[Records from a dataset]

=== Begin Enclosure ===

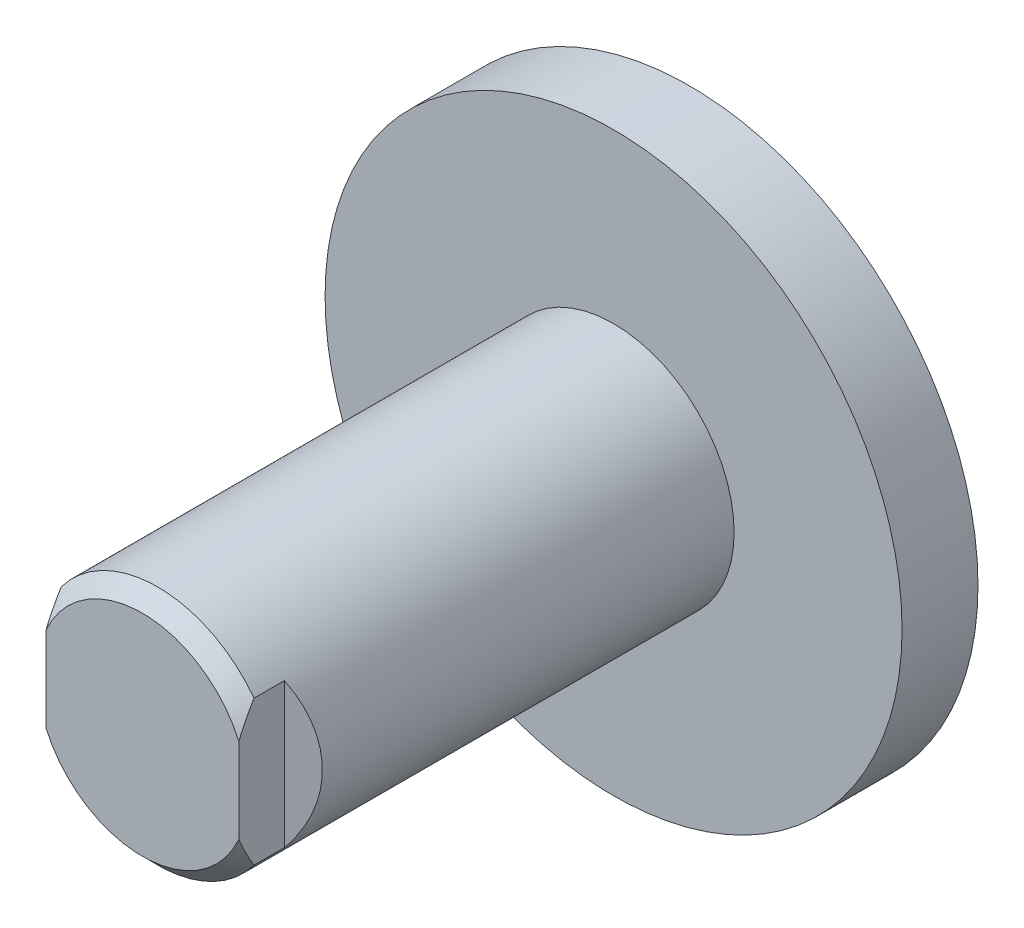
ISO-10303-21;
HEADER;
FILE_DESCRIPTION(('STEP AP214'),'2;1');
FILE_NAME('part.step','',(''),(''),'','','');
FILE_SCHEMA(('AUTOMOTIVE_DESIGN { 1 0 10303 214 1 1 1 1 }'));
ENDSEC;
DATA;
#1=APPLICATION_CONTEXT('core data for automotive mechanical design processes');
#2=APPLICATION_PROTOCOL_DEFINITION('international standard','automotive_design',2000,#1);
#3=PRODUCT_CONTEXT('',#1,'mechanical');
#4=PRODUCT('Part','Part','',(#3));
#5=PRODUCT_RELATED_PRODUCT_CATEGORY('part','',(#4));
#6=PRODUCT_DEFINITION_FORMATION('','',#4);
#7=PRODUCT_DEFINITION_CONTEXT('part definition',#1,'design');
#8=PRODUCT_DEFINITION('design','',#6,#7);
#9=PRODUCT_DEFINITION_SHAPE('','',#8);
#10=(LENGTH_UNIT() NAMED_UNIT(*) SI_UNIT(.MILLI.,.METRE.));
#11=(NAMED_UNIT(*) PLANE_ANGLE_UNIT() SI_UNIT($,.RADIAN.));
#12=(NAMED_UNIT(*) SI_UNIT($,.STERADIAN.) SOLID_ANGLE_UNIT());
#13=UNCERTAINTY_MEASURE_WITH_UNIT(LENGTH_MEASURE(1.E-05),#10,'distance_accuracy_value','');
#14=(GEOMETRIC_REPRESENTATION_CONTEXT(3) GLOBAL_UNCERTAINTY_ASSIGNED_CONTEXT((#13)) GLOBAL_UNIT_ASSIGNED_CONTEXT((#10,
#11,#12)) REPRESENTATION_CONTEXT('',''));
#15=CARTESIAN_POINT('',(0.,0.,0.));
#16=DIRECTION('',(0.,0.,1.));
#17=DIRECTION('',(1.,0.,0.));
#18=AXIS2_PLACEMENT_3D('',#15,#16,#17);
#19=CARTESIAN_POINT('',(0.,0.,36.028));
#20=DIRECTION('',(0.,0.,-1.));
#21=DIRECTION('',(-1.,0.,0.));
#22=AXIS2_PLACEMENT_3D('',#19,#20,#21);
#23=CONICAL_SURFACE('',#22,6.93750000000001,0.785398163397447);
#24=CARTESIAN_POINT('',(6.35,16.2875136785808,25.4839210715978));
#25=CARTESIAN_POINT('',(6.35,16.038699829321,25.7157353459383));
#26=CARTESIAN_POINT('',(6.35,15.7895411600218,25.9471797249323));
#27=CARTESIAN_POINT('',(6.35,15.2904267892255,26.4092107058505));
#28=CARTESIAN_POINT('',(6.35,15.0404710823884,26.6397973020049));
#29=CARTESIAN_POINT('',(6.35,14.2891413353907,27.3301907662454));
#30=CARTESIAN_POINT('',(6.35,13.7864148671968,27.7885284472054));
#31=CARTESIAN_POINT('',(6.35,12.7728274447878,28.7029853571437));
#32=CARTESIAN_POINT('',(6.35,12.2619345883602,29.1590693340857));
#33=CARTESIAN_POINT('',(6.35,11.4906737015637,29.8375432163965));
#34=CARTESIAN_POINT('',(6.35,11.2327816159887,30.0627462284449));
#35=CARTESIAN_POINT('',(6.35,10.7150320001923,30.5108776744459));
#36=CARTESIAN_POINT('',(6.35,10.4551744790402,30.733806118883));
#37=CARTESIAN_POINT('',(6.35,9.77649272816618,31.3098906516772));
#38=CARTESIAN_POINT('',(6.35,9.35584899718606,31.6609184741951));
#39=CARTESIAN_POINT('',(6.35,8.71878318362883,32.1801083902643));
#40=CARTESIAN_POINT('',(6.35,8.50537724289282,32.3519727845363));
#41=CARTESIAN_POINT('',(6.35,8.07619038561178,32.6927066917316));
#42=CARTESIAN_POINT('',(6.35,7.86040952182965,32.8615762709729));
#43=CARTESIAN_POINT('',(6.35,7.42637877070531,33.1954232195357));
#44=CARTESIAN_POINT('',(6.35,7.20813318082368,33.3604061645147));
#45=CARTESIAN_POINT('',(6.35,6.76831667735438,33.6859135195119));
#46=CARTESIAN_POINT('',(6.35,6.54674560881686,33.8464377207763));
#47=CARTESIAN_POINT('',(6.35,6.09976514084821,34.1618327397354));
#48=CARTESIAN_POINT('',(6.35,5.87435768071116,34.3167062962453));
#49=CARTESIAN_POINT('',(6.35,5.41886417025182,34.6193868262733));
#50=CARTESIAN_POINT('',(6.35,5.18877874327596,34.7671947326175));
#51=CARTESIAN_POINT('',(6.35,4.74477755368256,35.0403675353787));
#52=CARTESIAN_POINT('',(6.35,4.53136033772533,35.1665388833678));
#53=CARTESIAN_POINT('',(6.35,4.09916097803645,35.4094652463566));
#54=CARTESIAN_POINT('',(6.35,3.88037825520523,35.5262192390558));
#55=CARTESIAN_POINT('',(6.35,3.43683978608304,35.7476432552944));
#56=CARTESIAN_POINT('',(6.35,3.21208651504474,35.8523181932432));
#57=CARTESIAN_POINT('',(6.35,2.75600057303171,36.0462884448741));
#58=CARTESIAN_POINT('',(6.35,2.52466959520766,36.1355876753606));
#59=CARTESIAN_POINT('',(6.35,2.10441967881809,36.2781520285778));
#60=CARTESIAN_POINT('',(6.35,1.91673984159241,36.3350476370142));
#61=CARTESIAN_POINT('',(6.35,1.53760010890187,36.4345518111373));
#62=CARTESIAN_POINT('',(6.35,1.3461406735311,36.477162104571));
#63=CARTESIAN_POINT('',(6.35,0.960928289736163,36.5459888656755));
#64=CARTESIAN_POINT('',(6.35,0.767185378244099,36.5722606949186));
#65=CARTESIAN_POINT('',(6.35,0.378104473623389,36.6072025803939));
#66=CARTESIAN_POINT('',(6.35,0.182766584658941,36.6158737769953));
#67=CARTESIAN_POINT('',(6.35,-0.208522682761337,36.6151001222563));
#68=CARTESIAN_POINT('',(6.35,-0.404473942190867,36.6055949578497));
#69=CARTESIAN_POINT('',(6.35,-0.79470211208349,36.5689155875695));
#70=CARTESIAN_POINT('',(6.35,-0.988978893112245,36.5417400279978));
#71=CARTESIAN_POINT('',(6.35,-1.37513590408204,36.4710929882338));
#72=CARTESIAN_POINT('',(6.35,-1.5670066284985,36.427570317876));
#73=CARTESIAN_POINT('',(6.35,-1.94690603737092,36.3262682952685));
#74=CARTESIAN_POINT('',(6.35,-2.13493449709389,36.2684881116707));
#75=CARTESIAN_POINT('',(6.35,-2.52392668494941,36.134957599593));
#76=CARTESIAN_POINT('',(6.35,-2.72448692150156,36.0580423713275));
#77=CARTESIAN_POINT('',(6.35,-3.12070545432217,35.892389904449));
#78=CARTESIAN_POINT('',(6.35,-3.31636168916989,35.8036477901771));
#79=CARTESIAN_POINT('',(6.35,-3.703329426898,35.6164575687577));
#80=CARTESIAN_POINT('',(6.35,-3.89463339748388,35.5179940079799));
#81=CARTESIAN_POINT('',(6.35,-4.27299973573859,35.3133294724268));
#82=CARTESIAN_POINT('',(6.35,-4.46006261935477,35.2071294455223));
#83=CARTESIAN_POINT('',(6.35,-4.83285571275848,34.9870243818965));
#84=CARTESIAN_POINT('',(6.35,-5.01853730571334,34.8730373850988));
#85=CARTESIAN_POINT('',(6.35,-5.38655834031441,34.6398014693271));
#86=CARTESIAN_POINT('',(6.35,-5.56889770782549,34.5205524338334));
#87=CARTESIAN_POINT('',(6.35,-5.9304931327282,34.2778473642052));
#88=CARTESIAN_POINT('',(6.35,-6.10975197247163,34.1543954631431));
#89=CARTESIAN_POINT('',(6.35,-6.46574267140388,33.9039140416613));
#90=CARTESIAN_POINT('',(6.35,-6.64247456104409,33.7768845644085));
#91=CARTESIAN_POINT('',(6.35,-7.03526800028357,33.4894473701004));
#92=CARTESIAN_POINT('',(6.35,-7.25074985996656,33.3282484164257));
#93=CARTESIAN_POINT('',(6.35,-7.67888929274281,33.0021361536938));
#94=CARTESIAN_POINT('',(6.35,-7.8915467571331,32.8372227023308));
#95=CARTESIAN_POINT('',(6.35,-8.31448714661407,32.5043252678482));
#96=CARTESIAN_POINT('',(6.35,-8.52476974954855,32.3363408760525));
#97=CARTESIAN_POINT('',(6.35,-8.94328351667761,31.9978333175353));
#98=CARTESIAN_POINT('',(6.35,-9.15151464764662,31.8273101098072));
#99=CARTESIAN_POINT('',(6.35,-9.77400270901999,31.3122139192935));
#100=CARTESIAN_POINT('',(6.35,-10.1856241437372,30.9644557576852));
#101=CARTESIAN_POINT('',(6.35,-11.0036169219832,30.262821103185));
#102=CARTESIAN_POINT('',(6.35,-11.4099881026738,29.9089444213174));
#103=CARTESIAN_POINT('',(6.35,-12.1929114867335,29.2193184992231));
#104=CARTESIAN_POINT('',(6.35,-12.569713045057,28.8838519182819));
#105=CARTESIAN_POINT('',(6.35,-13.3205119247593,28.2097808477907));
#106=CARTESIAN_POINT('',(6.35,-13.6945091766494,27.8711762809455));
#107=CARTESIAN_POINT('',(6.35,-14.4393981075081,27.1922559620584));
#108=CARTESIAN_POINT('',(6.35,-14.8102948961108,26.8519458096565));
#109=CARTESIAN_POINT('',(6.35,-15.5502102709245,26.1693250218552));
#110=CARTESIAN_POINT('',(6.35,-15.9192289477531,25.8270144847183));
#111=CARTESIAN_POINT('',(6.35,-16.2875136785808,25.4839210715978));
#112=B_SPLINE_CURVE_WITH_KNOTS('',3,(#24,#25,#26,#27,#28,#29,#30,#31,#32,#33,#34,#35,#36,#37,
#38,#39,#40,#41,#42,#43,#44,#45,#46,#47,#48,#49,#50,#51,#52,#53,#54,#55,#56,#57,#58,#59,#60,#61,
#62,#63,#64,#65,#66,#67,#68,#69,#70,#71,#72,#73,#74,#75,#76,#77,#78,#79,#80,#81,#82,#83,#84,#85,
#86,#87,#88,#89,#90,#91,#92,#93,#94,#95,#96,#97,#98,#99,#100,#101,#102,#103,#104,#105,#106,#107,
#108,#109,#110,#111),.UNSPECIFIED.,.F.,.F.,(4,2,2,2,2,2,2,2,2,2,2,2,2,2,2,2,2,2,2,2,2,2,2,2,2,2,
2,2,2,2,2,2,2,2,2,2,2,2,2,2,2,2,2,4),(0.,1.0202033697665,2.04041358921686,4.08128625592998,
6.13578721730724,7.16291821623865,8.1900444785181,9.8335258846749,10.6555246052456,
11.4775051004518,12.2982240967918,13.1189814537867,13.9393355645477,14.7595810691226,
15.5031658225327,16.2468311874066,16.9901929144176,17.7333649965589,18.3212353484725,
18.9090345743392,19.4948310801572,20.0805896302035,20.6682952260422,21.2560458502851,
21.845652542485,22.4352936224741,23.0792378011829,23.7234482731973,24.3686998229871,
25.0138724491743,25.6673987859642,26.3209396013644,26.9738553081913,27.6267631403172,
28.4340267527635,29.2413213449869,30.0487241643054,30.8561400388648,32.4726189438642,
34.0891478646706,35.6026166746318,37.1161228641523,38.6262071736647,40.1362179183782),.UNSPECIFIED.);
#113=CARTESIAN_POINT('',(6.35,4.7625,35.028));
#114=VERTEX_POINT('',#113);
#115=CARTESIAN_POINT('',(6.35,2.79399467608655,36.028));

=== End Enclosure ===

EXERCISE> Copy exactly, and copy nothing else: the lines from the start of the data above through the line that holds "#1=APPLICATION_CONTEXT('core data for". The pictures stay out.

WRITTEN RESPONSE>
ISO-10303-21;
HEADER;
FILE_DESCRIPTION(('STEP AP214'),'2;1');
FILE_NAME('part.step','',(''),(''),'','','');
FILE_SCHEMA(('AUTOMOTIVE_DESIGN { 1 0 10303 214 1 1 1 1 }'));
ENDSEC;
DATA;
#1=APPLICATION_CONTEXT('core data for automotive mechanical design processes');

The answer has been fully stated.